* Entries taken from a collection
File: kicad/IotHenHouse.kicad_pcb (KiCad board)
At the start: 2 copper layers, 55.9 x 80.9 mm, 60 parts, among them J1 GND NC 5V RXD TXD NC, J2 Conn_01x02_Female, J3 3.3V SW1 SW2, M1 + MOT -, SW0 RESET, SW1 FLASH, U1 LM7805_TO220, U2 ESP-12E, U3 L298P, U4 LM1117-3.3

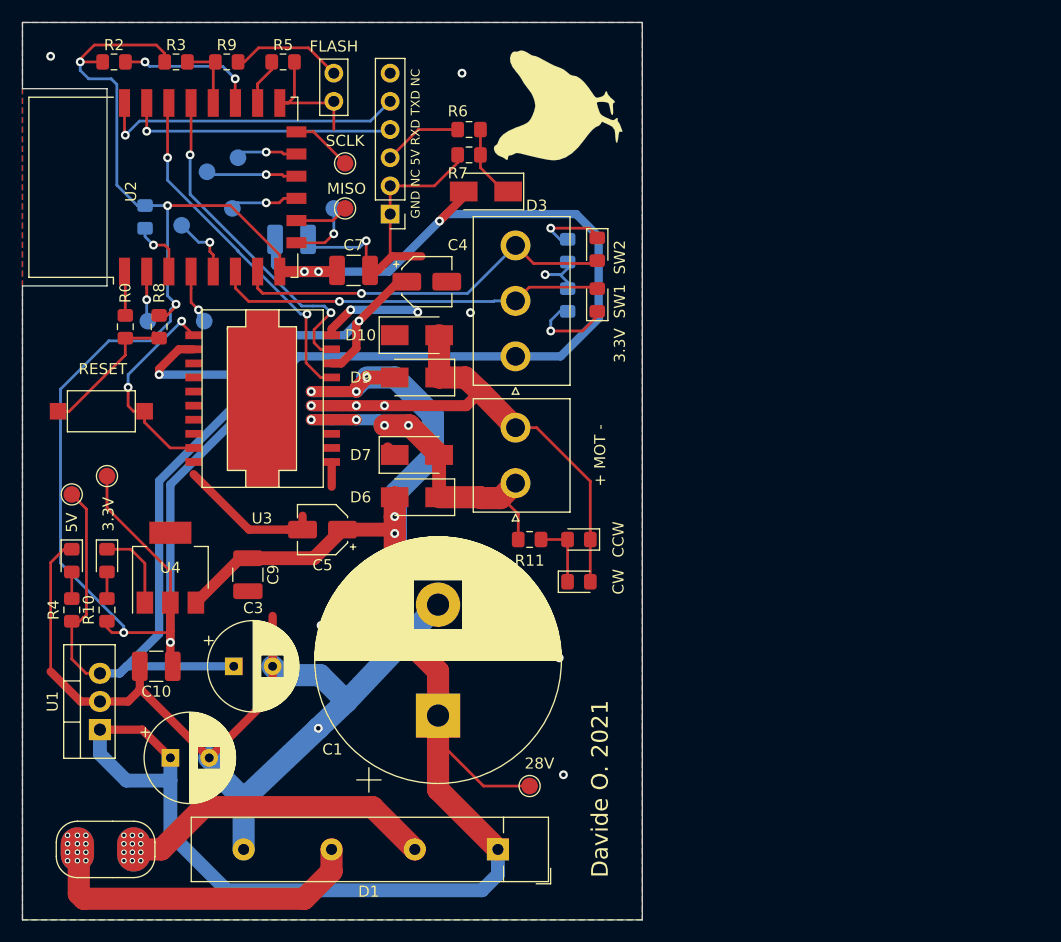
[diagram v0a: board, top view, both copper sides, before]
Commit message: mounting holes
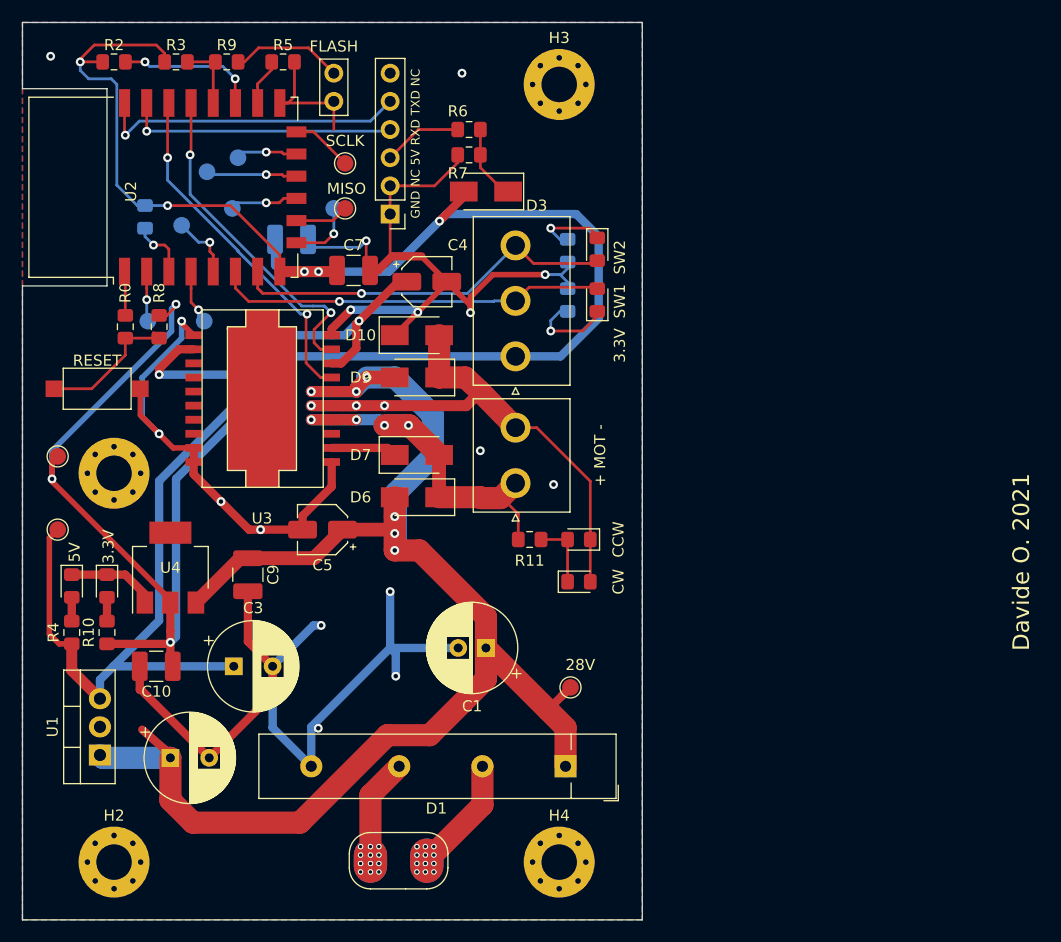
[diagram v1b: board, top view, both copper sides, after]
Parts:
- removed G***: LOGO, Logo:logo_hen_big
- removed G***: LOGO, Logo:logo_hen
- added H1: MountingHole, MountingHole:MountingHole_3.2mm_M3_Pad_Via, F.Cu at (43.2, 97.5)
- added H2: MountingHole, MountingHole:MountingHole_3.2mm_M3_Pad_Via, F.Cu at (43.2, 132.6)
- added H3: MountingHole, MountingHole:MountingHole_3.2mm_M3_Pad_Via, F.Cu at (83.3, 62.5)
- added H4: MountingHole, MountingHole:MountingHole_3.2mm_M3_Pad_Via, F.Cu at (83.3, 132.6)
- C1: footprint Capacitor_THT:CP_Radial_D22.0mm_P10.00mm_SnapIn -> Capacitor_THT:CP_Radial_D8.0mm_P2.50mm
- moved J2 26.4 mm to (68.8, 132.5) (x2)
- moved D1 9.66 mm to (84.8, 124.0)
- moved TP10 9.62 mm to (84.3, 116.8)
- moved C1 7.47 mm to (76.7, 113.3), turned to 180 degrees
- moved TP12 4.79 mm to (38.1, 96.0)
- moved TP11 3.42 mm to (38.1, 102.6)
- moved D2 2.29 mm to (39.4, 107.7)
- moved D8 2.29 mm to (42.5, 107.7)
- moved U1 2.29 mm to (41.9, 122.9)
- moved SW0 2.07 mm to (41.7, 89.9)
- moved R10 2.03 mm to (42.5, 111.9)
- moved R4 2.03 mm to (39.4, 111.9)
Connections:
- J1 pad 6: Net-(J1-Pad6) -> (no net)
- U3 pad 13: Net-(U3-Pad13) -> (no net)
- U3 pad 14: Net-(U3-Pad14) -> (no net)
- U3 pad 15: Net-(U3-Pad15) -> (no net)
- U3 pad 16: Net-(U3-Pad16) -> (no net)
- U3 pad 17: Net-(U3-Pad17) -> (no net)
- U3 pad 18: Net-(U3-Pad18) -> (no net)
- U3 pad 3: Net-(U3-Pad3) -> (no net)
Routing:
- net +3V3: track 231.0 -> 208.1 mm
- net VAC: track 30.0 -> 9.58 mm
- net GND: track 189.6 -> 209.8 mm, vias 13 -> 17
- net +28V: track 162.0 -> 142.1 mm
- net Net-(D1-Pad4): track 28.4 -> 10.6 mm

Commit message: logos
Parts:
- added G***: LOGO, logo:logo_hen, F.Cu at (65.0, 112.3)
- added G***: LOGO, logo:logo_hen_big, B.Cu at (62.0, 108.2)

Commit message: last commit for version 1.0
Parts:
- removed G***: LOGO, logo:logo_hen
- removed G***: LOGO, logo:logo_hen_big
- moved TP12 16.8 mm to (53.6, 102.6)
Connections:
- C9 pad 1: +28V -> +5V
- U4 pad 3: +28V -> +5V
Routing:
- net GND: track 209.8 -> 165.5 mm
- net +3V3: track 208.1 -> 228.5 mm, vias 8 -> 9
- net +28V: track 142.1 -> 122.7 mm
- net +5V: track 98.4 -> 105.1 mm, vias 2 -> 4
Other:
- outline, holes or cut-outs redrawn
- board text added: "Davide O. 2021 gtihub/Dadigno"
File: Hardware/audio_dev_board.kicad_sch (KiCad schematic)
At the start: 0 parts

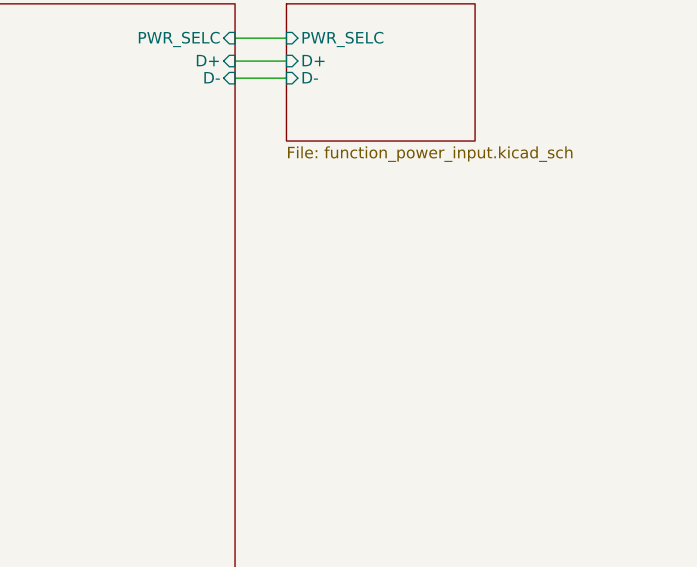
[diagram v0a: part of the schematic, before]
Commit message: Added CODEC symbol, started routing
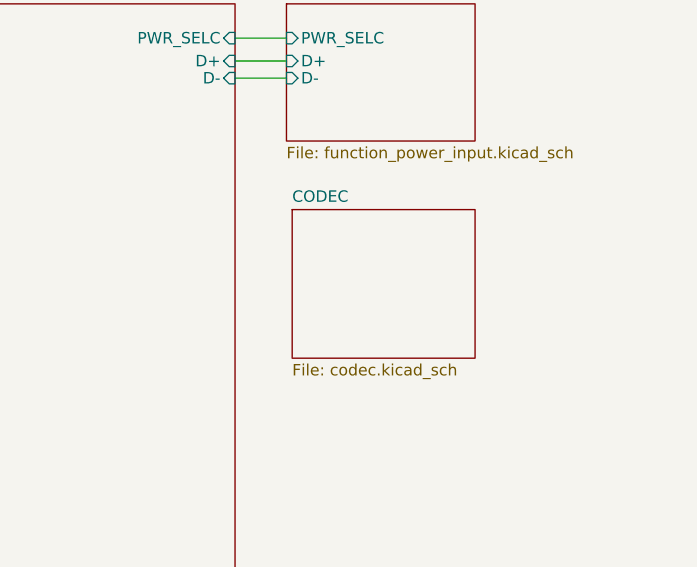
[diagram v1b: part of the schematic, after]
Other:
- added sheet CODEC (codec.kicad_sch)
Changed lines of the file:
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@@
+	)
+	(sheet
+		(at 101.6 43.18)
+		(size 20.32 16.51)
+		(fields_autoplaced yes)
+		(stroke
+			(width 0.1524)
+			(type solid)
+		)
+		(fill
+			(color 0 0 0 0.0000)
+		)
+		(property "Sheetname" "CODEC"
+			(at 101.6 42.4684 0)
+			(effects
+				(font
+					(size 1.27 1.27)
+				)
+				(justify left bottom)
+			)
+		)
+		(property "Sheetfile" "codec.kicad_sch"
+			(at 101.6 60.2746 0)
+			(effects
+				(font
+					(size 1.27 1.27)
+				)
+				(justify left top)
+			)
+		)
+		(instances
+			(project "audio_dev_board"
+				(path "/12d3b0ce-758b-4939-919d-4f42b7bd226b"
+					(page "4")
+				)
+			)
+		)
 	)
 	(sheet

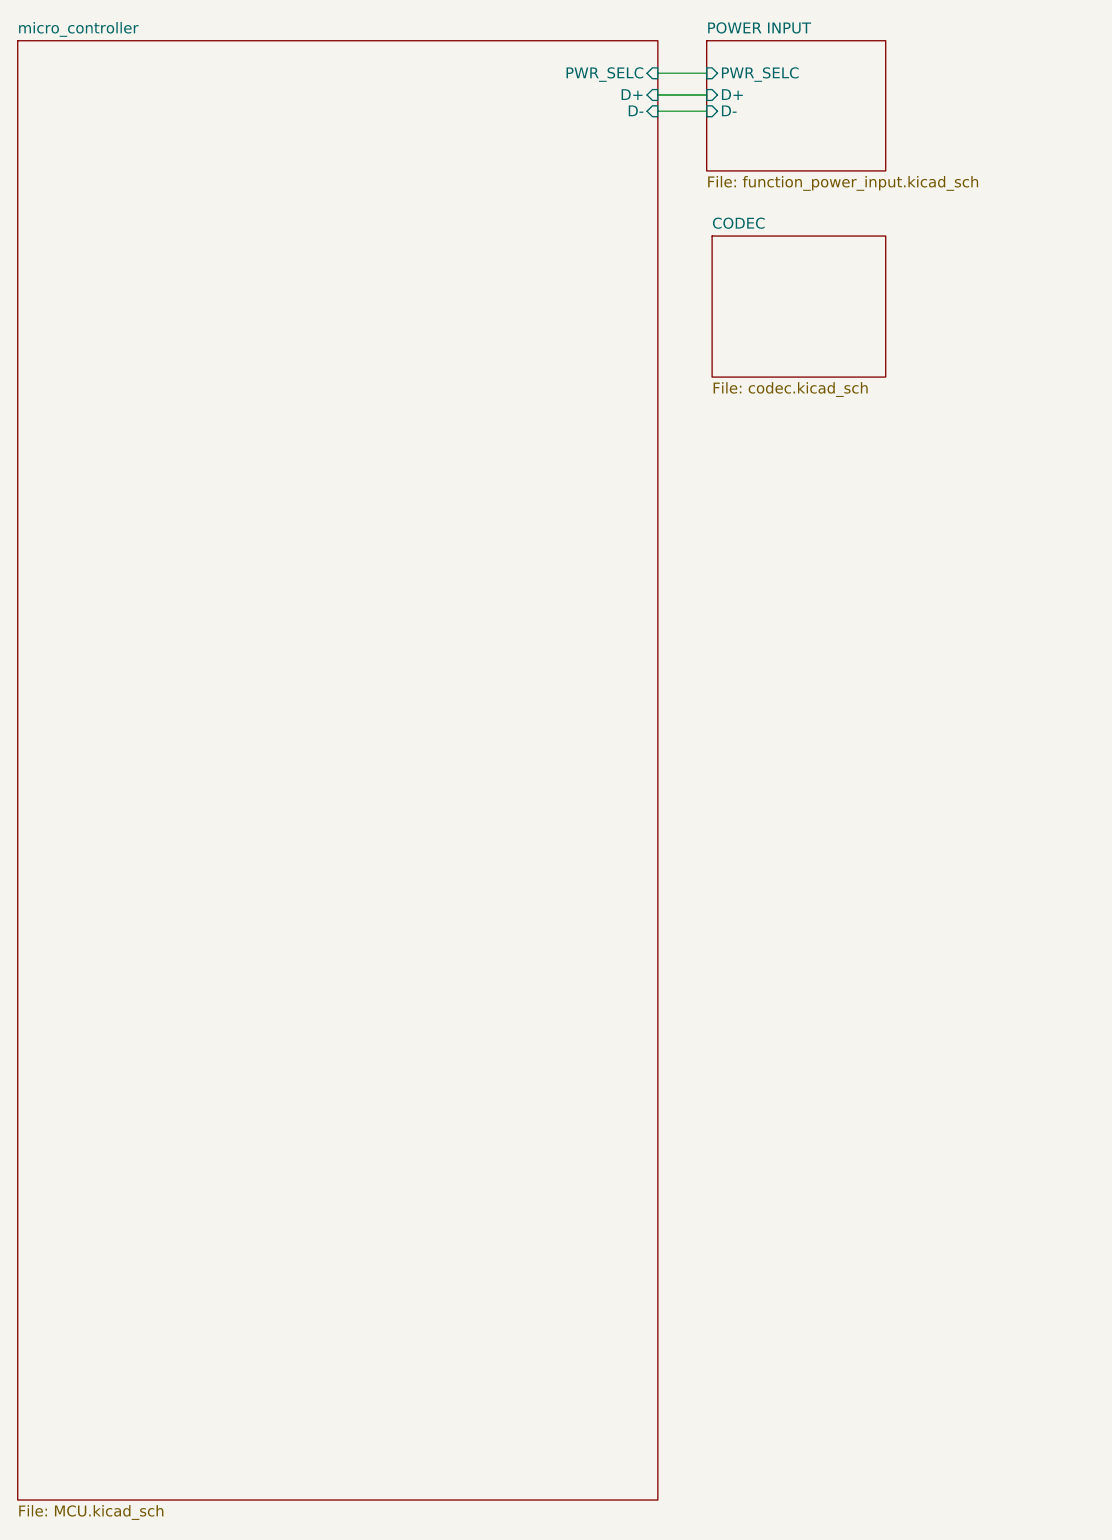
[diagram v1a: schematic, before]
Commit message: connected micro to codec and debug leds
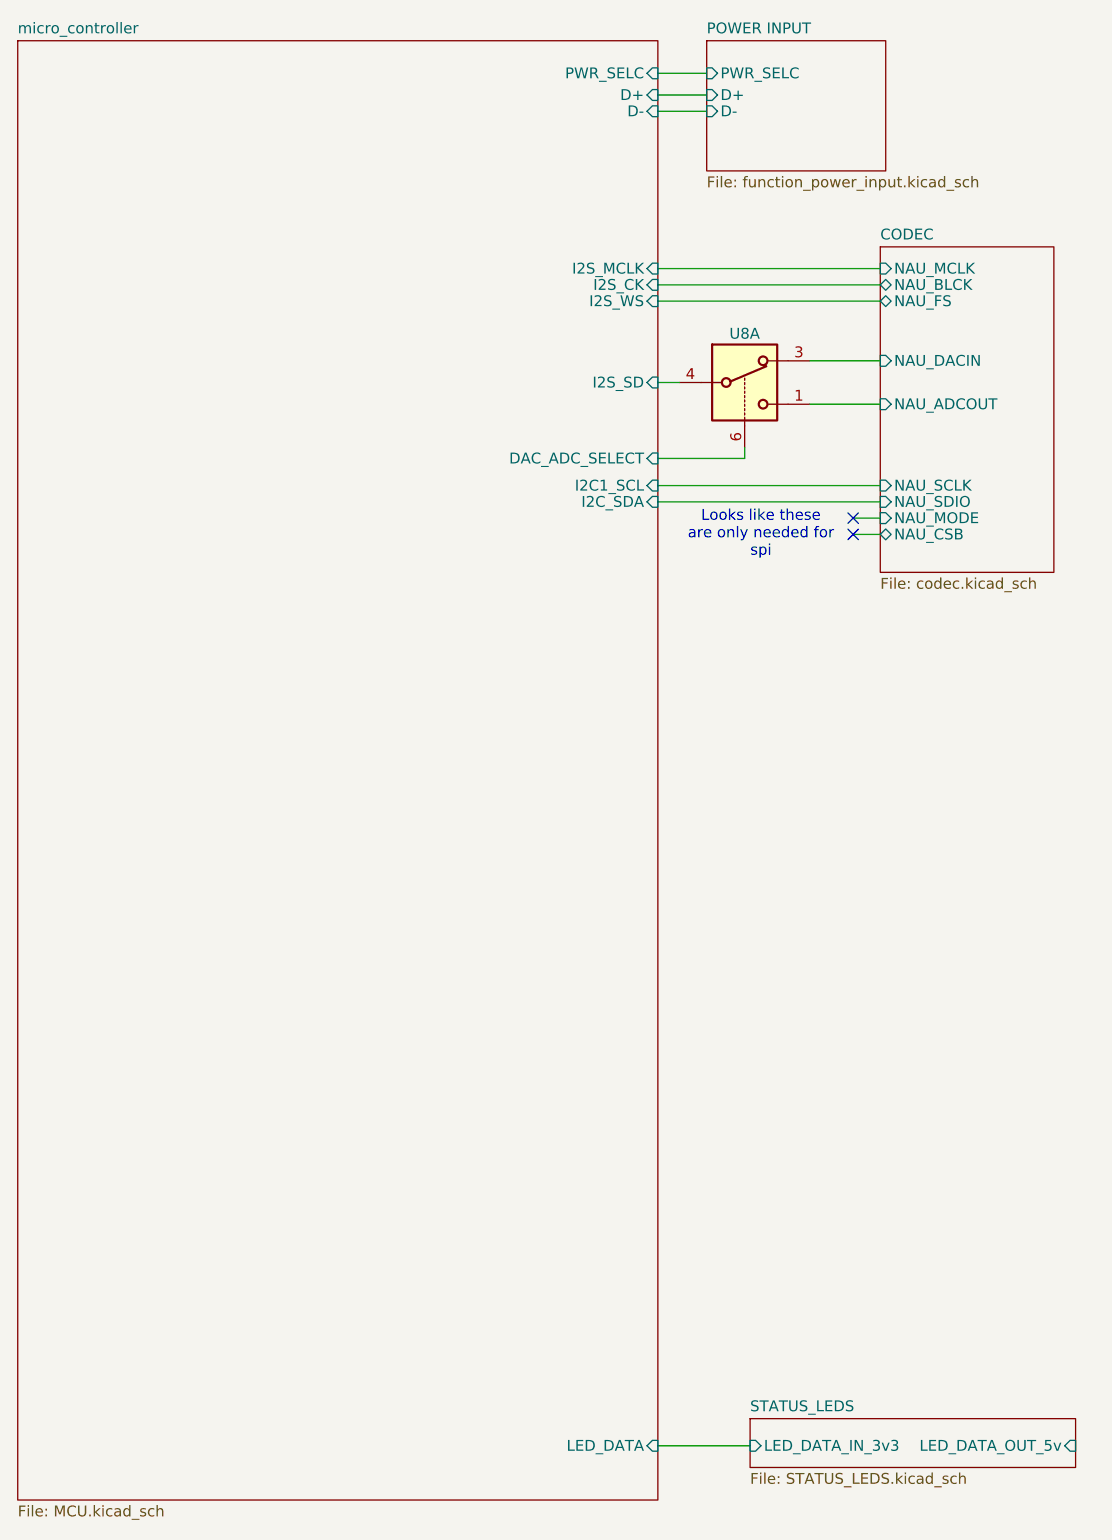
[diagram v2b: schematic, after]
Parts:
- added U8: FSA3157P6X, Package_TO_SOT_SMD:SOT-363_SC-70-6, symbol Analog_Switch:FSA3157P6X
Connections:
- new net CODEC/NAU_ADCOUT: U8.1
- new net CODEC/NAU_DACIN: U8.3
- new net micro_controller/DAC_ADC_SELECT: U8.6
- new net micro_controller/I2S_SD: U8.4
- no-connect marks 0 -> 2
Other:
- added sheet STATUS_LEDS (STATUS_LEDS.kicad_sch)
- sheet CODEC ports: added NAU_ADCOUT, NAU_BLCK, NAU_CSB, NAU_DACIN, NAU_FS, NAU_MCLK, NAU_MODE, NAU_SCLK, NAU_SDIO; removed none
- sheet micro_controller ports: added DAC_ADC_SELECT, I2C1_SCL, I2C_SDA, I2S_CK, I2S_MCLK, I2S_SD, I2S_WS, LED_DATA; removed none
- note added: "Looks like these are only needed for spi"

* What is being asked
Quote exactly, and only, the lines from the line containing "[diagram v0a: part of the schematic, before]" through the final line of the records above, both included, omitting any pictures.

* Exercise response
[diagram v0a: part of the schematic, before]
Commit message: Added CODEC symbol, started routing
[diagram v1b: part of the schematic, after]
Other:
- added sheet CODEC (codec.kicad_sch)
Changed lines of the file:
@@
+	)
+	(sheet
+		(at 101.6 43.18)
+		(size 20.32 16.51)
+		(fields_autoplaced yes)
+		(stroke
+			(width 0.1524)
+			(type solid)
+		)
+		(fill
+			(color 0 0 0 0.0000)
+		)
+		(property "Sheetname" "CODEC"
+			(at 101.6 42.4684 0)
+			(effects
+				(font
+					(size 1.27 1.27)
+				)
+				(justify left bottom)
+			)
+		)
+		(property "Sheetfile" "codec.kicad_sch"
+			(at 101.6 60.2746 0)
+			(effects
+				(font
+					(size 1.27 1.27)
+				)
+				(justify left top)
+			)
+		)
+		(instances
+			(project "audio_dev_board"
+				(path "/12d3b0ce-758b-4939-919d-4f42b7bd226b"
+					(page "4")
+				)
+			)
+		)
 	)
 	(sheet

[diagram v1a: schematic, before]
Commit message: connected micro to codec and debug leds
[diagram v2b: schematic, after]
Parts:
- added U8: FSA3157P6X, Package_TO_SOT_SMD:SOT-363_SC-70-6, symbol Analog_Switch:FSA3157P6X
Connections:
- new net CODEC/NAU_ADCOUT: U8.1
- new net CODEC/NAU_DACIN: U8.3
- new net micro_controller/DAC_ADC_SELECT: U8.6
- new net micro_controller/I2S_SD: U8.4
- no-connect marks 0 -> 2
Other:
- added sheet STATUS_LEDS (STATUS_LEDS.kicad_sch)
- sheet CODEC ports: added NAU_ADCOUT, NAU_BLCK, NAU_CSB, NAU_DACIN, NAU_FS, NAU_MCLK, NAU_MODE, NAU_SCLK, NAU_SDIO; removed none
- sheet micro_controller ports: added DAC_ADC_SELECT, I2C1_SCL, I2C_SDA, I2S_CK, I2S_MCLK, I2S_SD, I2S_WS, LED_DATA; removed none
- note added: "Looks like these are only needed for spi"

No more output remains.